▸ DATA TO PROCESS
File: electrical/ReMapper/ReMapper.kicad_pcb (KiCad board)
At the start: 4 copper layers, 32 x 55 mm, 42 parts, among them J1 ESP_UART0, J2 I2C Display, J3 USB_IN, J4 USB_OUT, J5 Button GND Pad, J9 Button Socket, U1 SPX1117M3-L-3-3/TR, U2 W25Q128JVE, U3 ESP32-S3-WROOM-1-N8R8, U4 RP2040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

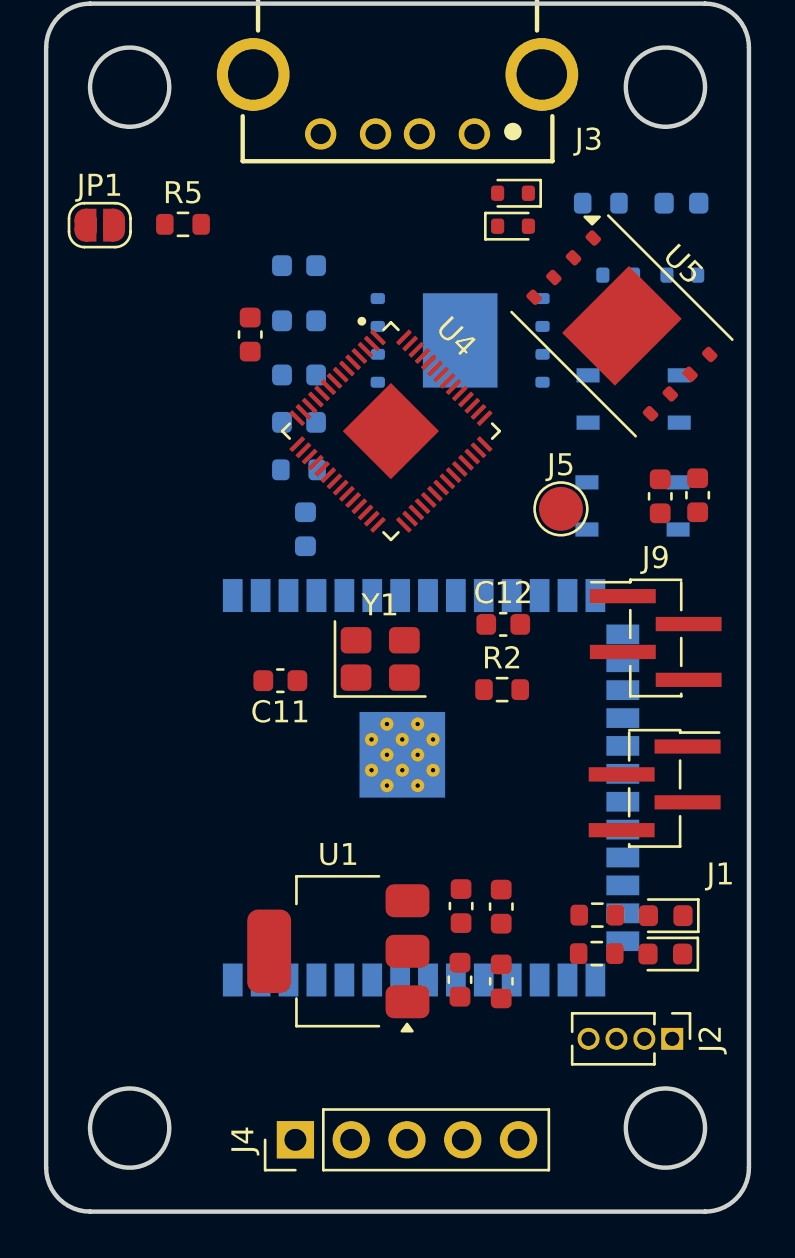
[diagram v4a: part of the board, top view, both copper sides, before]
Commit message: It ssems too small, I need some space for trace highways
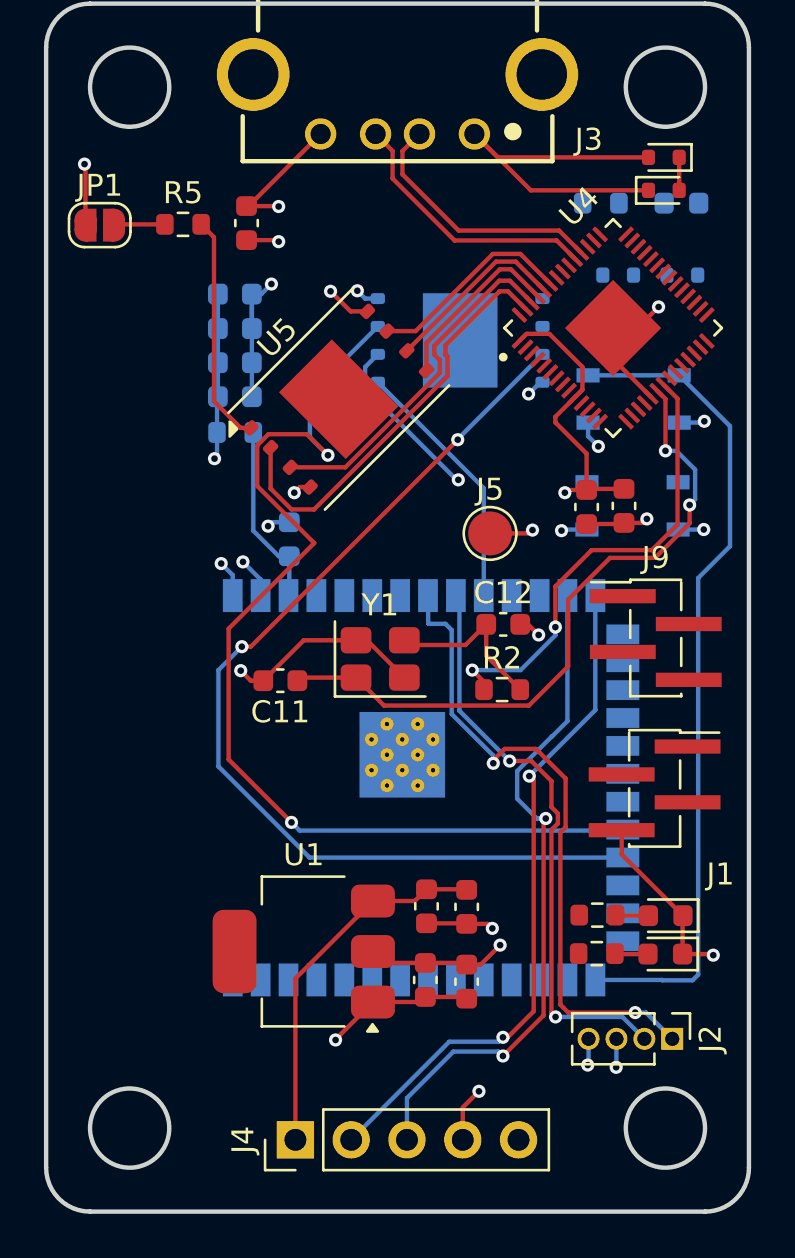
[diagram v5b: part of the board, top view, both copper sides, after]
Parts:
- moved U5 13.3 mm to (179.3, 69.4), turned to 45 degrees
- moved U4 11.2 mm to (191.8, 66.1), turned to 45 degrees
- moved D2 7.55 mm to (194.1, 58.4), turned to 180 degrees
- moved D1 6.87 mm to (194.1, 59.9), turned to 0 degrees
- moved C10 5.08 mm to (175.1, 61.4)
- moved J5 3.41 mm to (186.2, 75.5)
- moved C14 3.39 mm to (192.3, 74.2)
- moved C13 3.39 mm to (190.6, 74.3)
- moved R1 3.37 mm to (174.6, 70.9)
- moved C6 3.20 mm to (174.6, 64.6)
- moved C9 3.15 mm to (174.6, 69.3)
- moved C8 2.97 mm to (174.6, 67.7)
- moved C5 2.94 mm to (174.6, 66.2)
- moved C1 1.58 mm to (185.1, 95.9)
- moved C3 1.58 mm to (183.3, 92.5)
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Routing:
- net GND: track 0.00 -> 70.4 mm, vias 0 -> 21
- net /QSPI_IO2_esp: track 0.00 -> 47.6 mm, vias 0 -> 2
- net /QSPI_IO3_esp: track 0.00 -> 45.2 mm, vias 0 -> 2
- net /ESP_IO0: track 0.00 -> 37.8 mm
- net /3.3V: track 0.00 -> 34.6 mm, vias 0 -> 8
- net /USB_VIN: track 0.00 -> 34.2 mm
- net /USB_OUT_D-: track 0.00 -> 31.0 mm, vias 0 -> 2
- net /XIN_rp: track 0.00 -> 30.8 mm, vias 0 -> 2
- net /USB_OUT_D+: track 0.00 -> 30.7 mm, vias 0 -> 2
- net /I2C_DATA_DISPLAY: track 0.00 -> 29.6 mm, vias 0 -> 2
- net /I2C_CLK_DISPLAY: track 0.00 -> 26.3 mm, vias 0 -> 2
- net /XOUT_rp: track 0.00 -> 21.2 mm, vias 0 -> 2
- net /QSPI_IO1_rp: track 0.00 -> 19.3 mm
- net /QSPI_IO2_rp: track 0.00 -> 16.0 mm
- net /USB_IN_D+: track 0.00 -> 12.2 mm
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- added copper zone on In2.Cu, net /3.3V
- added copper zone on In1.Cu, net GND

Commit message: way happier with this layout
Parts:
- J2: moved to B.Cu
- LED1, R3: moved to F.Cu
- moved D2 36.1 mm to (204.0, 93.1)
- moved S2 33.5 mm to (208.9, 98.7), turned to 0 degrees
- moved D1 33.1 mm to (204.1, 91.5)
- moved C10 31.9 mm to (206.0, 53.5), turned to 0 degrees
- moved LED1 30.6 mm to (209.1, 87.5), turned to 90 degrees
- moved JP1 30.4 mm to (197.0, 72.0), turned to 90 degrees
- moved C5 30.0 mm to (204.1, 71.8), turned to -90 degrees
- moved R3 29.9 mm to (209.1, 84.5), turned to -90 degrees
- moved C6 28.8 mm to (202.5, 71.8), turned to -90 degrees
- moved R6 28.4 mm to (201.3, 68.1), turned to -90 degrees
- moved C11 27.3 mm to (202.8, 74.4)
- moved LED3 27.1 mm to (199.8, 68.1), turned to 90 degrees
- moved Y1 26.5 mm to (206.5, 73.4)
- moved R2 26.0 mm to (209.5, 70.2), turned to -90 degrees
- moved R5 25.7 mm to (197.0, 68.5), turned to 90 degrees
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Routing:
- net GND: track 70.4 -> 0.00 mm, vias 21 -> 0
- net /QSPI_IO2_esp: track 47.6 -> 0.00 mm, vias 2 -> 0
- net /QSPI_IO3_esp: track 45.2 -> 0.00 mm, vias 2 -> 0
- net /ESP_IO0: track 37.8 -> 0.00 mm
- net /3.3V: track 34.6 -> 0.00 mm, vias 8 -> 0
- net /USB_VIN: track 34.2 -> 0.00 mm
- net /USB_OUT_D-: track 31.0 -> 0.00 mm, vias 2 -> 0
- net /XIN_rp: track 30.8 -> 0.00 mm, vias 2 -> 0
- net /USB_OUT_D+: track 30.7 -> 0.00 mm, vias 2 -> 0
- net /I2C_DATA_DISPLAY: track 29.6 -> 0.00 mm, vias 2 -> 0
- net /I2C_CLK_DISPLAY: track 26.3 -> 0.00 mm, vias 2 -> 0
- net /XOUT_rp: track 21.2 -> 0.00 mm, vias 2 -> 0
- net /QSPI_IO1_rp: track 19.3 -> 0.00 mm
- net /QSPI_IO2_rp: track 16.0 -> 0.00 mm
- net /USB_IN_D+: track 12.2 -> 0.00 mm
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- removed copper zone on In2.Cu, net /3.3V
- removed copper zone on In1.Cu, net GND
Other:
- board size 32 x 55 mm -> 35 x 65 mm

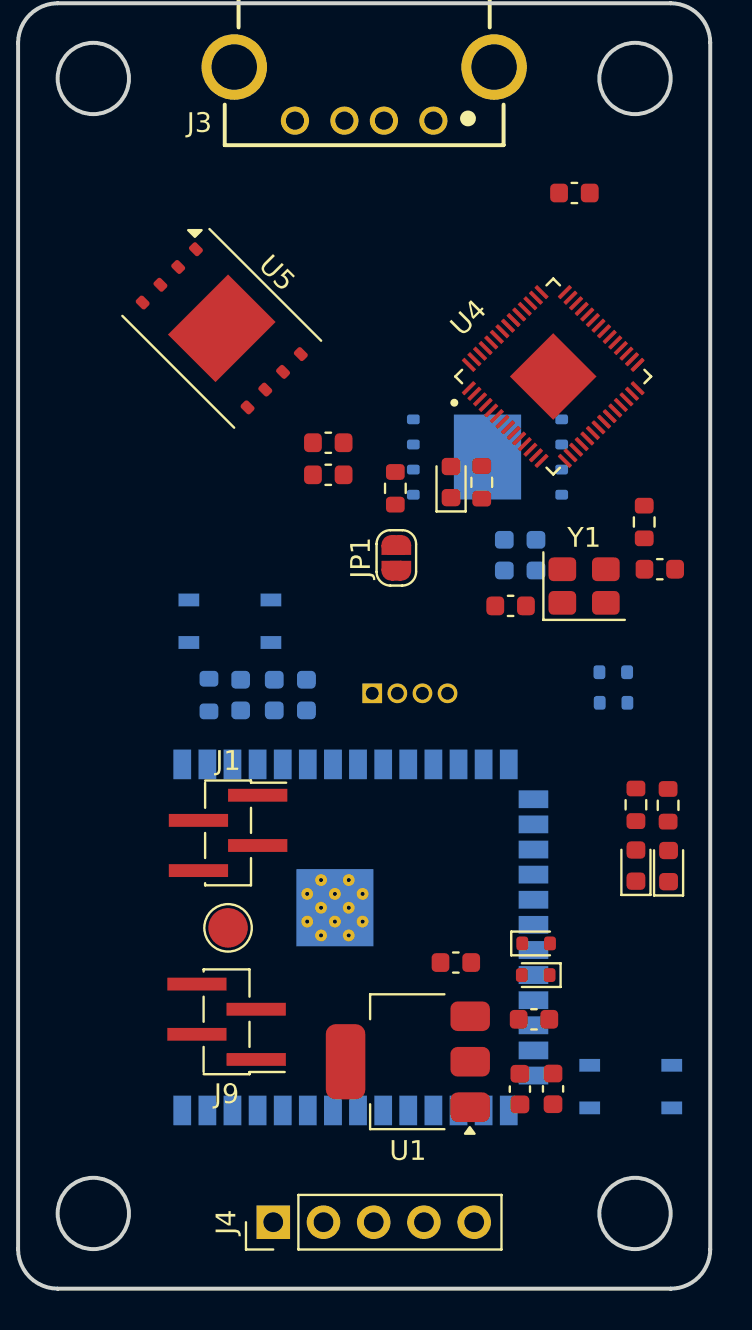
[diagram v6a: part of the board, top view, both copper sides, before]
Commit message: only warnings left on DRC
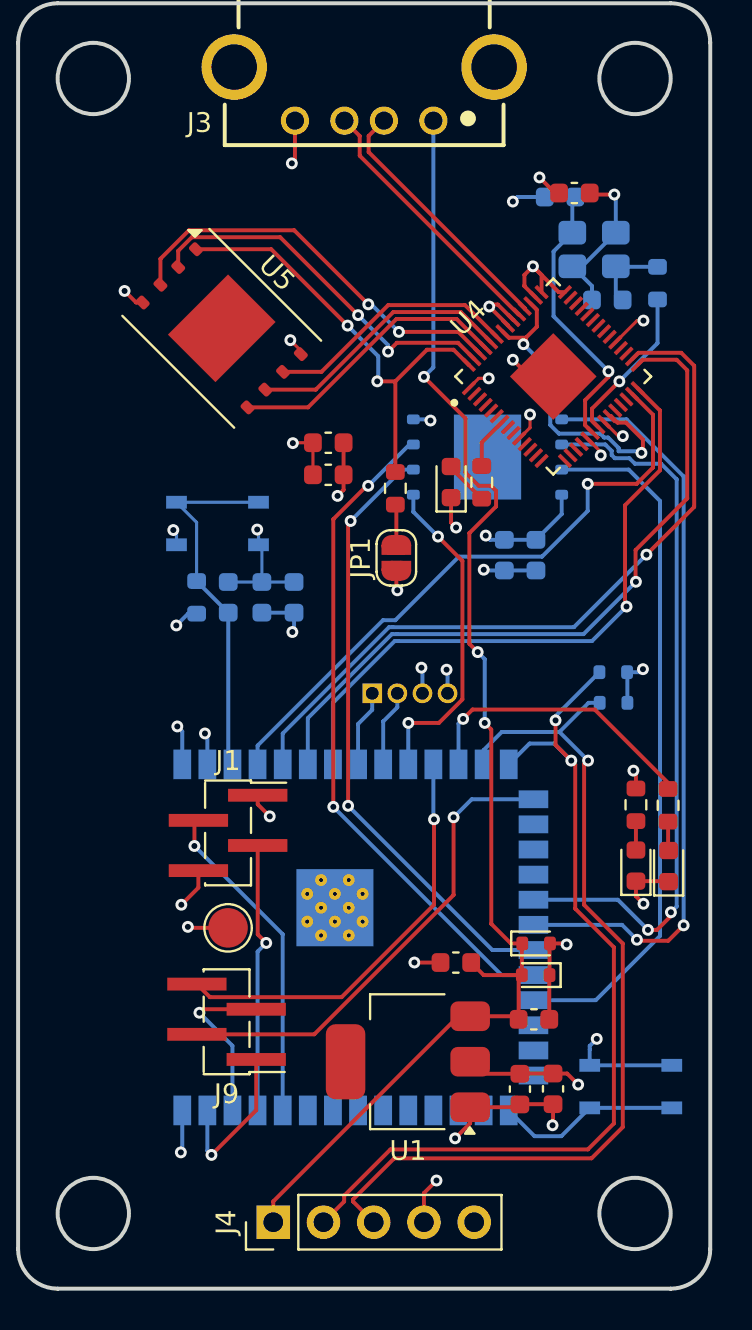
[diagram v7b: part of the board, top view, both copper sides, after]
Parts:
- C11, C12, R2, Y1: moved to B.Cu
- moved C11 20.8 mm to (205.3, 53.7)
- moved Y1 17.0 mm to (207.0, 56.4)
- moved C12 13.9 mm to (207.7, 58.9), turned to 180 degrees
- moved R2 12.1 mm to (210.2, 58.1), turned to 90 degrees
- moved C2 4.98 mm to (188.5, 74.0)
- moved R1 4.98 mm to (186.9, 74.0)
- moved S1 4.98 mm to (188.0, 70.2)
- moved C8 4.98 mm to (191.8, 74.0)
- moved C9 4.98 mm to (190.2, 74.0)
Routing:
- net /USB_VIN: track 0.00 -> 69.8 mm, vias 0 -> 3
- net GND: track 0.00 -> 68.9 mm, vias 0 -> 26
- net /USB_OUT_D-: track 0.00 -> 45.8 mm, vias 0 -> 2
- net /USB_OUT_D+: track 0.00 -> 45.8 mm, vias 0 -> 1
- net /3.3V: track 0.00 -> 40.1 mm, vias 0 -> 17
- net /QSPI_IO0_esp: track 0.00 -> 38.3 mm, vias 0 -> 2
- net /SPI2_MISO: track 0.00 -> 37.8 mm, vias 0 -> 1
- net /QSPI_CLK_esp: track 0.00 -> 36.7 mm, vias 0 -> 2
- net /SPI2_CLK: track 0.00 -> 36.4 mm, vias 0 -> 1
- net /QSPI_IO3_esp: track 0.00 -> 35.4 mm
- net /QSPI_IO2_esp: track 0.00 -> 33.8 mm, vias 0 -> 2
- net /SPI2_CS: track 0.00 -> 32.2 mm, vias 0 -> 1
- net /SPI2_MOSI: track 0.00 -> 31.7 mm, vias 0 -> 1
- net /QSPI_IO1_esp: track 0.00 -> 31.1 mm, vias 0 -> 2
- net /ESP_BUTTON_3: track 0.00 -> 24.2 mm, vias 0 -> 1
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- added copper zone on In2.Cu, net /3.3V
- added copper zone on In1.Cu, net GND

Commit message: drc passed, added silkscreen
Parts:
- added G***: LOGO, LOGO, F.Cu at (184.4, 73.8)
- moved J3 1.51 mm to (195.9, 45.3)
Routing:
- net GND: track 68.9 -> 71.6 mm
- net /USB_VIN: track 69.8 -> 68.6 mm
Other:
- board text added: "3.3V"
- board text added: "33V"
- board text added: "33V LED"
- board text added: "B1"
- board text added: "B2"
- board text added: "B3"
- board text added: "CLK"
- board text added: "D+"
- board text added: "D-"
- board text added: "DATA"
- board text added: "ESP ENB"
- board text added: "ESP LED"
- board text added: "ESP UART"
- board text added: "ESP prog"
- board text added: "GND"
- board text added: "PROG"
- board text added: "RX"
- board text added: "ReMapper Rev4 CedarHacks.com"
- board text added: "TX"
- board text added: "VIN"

▸ EXERCISE
When you reach the line with "- net /QSPI_IO2_esp: track 47.6" in the records above, start writing out each line exactly, and stop after the line with "[diagram v6a: part". Pictures stay out.

▸ RESPONSE FOR THIS EXERCISE
- net /QSPI_IO2_esp: track 47.6 -> 0.00 mm, vias 2 -> 0
- net /QSPI_IO3_esp: track 45.2 -> 0.00 mm, vias 2 -> 0
- net /ESP_IO0: track 37.8 -> 0.00 mm
- net /3.3V: track 34.6 -> 0.00 mm, vias 8 -> 0
- net /USB_VIN: track 34.2 -> 0.00 mm
- net /USB_OUT_D-: track 31.0 -> 0.00 mm, vias 2 -> 0
- net /XIN_rp: track 30.8 -> 0.00 mm, vias 2 -> 0
- net /USB_OUT_D+: track 30.7 -> 0.00 mm, vias 2 -> 0
- net /I2C_DATA_DISPLAY: track 29.6 -> 0.00 mm, vias 2 -> 0
- net /I2C_CLK_DISPLAY: track 26.3 -> 0.00 mm, vias 2 -> 0
- net /XOUT_rp: track 21.2 -> 0.00 mm, vias 2 -> 0
- net /QSPI_IO1_rp: track 19.3 -> 0.00 mm
- net /QSPI_IO2_rp: track 16.0 -> 0.00 mm
- net /USB_IN_D+: track 12.2 -> 0.00 mm
- removed copper zone on In2.Cu, net /3.3V
- removed copper zone on In1.Cu, net GND
Other:
- board size 32 x 55 mm -> 35 x 65 mm

[diagram v6a: part of the board, top view, both copper sides, before]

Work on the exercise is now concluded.